[Saved data entries]

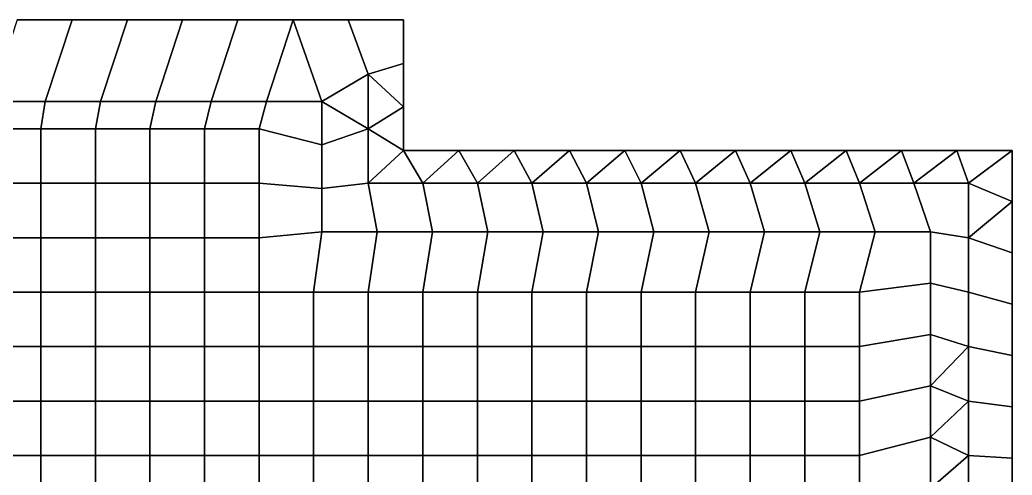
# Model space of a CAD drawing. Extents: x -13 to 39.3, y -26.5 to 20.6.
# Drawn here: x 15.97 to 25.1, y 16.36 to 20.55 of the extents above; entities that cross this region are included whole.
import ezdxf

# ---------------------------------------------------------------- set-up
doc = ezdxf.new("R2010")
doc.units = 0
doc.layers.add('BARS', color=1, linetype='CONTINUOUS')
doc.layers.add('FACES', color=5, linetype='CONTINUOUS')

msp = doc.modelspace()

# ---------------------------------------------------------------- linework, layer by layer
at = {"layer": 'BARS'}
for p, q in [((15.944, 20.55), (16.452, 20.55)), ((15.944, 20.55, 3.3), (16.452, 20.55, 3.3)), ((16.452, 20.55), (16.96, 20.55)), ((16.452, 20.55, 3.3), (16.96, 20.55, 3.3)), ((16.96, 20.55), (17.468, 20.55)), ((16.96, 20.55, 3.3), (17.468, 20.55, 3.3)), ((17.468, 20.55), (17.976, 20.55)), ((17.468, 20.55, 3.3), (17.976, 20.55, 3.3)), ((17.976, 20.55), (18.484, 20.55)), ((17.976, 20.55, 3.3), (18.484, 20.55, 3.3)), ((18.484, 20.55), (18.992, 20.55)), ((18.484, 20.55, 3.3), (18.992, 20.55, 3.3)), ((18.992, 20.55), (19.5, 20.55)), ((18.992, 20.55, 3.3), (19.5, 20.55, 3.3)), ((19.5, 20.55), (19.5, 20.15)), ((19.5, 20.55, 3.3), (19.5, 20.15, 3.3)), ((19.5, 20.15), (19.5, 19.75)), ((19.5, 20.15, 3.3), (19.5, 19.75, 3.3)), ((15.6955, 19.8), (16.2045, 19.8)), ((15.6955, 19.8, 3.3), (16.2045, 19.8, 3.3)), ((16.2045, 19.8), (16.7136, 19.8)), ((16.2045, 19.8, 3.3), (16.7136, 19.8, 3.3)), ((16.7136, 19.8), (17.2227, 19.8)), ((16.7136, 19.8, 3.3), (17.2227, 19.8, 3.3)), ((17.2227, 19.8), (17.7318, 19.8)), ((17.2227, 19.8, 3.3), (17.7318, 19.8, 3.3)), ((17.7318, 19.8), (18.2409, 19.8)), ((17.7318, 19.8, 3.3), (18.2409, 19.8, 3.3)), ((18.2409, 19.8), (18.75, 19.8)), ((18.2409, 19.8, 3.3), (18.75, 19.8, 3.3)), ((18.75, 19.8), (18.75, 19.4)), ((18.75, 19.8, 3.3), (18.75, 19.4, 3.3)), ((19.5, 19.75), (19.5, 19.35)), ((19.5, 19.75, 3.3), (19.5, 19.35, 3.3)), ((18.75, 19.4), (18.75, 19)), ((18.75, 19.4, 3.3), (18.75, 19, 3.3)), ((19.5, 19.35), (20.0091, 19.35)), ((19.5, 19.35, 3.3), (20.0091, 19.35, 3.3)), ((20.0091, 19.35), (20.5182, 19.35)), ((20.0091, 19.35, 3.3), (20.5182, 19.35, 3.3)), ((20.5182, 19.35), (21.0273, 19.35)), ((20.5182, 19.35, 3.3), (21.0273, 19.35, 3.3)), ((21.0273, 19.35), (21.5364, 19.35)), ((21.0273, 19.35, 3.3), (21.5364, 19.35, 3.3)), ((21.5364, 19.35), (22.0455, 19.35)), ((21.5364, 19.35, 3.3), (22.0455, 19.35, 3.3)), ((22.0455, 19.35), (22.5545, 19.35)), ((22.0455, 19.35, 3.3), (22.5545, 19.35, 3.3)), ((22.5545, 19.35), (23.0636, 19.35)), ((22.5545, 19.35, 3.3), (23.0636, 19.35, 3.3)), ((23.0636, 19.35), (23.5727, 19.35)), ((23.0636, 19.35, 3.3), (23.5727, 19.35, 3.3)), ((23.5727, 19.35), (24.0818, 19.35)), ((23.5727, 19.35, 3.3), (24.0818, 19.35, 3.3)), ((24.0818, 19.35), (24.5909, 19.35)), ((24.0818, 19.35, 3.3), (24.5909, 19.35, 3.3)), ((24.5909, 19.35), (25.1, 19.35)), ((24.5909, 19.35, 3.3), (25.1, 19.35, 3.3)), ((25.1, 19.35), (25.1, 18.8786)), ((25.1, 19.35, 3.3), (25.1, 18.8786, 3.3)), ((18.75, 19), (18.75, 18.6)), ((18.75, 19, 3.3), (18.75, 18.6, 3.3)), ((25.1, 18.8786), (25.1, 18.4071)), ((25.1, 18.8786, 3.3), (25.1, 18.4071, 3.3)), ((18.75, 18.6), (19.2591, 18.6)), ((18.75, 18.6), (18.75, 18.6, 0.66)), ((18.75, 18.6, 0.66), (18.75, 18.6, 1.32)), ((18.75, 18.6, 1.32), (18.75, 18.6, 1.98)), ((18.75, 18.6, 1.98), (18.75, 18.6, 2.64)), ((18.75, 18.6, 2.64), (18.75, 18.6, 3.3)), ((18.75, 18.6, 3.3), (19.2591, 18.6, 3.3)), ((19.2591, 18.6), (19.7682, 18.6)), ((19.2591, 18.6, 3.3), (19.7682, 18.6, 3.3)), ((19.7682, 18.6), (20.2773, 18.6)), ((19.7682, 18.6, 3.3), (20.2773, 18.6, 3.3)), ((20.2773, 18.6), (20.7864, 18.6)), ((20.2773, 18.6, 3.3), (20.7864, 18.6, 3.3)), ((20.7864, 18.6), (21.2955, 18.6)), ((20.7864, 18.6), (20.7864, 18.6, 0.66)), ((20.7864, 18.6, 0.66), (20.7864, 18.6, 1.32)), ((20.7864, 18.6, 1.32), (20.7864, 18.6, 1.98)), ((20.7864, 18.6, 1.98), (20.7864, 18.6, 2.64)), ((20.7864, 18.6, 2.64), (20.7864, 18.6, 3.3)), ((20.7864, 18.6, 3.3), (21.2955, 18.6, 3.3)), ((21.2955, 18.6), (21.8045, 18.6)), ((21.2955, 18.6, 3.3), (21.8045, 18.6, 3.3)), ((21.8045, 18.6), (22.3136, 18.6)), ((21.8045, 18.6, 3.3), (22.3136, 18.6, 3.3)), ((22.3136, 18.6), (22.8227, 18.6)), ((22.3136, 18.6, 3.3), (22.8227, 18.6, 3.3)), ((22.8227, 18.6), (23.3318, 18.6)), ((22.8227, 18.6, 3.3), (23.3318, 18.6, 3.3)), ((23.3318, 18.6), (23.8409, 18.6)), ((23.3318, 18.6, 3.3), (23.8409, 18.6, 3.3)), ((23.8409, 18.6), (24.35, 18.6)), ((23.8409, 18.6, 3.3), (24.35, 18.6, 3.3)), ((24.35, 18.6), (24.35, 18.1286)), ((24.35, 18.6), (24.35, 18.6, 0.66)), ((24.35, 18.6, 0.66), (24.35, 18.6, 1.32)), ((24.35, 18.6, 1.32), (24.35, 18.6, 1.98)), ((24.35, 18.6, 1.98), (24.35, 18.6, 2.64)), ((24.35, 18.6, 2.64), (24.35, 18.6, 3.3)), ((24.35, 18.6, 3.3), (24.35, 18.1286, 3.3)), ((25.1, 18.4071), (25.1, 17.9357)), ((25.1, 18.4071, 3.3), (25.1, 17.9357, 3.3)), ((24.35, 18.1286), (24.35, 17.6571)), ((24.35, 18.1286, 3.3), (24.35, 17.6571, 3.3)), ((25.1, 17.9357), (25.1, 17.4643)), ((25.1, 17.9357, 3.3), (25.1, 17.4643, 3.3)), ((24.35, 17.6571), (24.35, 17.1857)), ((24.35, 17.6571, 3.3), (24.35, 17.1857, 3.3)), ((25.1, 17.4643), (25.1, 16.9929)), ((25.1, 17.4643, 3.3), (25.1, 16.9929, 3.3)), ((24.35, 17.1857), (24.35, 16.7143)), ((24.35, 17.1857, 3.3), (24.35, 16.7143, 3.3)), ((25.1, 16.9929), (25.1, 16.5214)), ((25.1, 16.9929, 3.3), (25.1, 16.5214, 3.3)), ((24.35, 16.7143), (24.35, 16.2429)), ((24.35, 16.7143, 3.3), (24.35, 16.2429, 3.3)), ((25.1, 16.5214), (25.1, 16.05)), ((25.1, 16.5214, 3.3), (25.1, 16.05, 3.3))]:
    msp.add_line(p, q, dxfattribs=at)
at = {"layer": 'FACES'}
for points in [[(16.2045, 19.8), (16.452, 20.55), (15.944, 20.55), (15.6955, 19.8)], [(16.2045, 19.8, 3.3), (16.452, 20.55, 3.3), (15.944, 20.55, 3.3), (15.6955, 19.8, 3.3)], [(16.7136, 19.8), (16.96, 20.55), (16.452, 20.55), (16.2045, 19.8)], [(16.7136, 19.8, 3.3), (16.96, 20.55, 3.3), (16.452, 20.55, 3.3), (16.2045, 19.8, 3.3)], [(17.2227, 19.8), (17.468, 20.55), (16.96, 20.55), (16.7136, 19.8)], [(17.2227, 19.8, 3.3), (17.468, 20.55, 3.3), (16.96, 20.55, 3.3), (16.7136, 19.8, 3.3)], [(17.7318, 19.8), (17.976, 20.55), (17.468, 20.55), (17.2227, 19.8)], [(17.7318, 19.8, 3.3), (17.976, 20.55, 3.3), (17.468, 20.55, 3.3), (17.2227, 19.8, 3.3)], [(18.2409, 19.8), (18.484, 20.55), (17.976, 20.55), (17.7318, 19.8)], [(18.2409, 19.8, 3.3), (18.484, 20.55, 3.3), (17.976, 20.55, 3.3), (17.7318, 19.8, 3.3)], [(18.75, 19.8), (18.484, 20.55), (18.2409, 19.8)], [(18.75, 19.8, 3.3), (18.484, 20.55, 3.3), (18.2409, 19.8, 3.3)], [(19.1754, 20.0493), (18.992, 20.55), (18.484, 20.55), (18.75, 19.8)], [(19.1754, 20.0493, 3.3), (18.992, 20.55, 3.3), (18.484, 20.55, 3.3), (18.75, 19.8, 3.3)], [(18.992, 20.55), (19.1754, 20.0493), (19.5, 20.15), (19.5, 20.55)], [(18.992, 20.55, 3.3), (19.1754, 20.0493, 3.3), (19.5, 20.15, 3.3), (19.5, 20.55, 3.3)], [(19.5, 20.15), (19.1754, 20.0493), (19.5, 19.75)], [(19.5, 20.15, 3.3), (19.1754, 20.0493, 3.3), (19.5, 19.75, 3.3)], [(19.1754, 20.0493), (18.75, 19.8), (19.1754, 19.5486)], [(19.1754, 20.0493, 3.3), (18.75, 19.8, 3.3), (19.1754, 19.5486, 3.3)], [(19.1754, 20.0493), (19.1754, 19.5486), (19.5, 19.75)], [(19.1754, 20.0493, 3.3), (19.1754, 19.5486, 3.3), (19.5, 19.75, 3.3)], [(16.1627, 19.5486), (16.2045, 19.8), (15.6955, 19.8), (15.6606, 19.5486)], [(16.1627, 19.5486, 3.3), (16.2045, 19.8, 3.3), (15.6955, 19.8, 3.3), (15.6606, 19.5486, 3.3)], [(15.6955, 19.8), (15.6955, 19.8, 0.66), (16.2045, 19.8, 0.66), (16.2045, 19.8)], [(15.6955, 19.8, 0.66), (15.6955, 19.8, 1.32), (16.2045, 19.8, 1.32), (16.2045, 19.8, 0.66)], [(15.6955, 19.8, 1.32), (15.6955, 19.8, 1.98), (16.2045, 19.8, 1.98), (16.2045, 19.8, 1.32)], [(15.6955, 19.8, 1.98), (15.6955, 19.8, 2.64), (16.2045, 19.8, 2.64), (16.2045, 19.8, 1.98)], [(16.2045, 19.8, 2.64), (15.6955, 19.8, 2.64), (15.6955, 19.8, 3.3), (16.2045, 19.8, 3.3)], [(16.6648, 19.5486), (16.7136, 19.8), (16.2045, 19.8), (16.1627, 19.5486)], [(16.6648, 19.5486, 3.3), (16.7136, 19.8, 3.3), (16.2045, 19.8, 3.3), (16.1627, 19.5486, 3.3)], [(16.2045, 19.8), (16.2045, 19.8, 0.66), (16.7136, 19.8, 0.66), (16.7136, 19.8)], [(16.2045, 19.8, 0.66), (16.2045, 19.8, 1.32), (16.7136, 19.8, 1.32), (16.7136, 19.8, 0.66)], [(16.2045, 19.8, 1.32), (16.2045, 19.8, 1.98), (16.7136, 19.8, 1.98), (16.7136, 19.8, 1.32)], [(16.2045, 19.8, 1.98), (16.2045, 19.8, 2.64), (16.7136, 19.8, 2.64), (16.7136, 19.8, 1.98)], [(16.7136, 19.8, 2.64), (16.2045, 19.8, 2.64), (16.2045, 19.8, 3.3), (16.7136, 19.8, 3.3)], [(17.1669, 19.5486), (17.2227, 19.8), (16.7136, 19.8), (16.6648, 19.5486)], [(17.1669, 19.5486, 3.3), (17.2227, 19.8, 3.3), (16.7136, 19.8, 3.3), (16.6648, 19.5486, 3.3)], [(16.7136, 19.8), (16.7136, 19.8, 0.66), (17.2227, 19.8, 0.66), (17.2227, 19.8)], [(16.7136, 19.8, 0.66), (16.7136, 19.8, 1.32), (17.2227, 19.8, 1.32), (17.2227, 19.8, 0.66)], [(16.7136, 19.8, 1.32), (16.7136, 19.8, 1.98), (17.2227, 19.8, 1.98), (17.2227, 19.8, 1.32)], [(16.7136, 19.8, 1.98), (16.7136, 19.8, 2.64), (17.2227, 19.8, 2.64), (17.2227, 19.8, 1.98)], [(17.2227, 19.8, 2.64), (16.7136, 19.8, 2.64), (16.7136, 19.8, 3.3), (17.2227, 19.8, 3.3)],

Task directions:
Every line that contains the string "CONTINUOUS" should be copied from the records.

Written answer:
doc.layers.add('BARS', color=1, linetype='CONTINUOUS')
doc.layers.add('FACES', color=5, linetype='CONTINUOUS')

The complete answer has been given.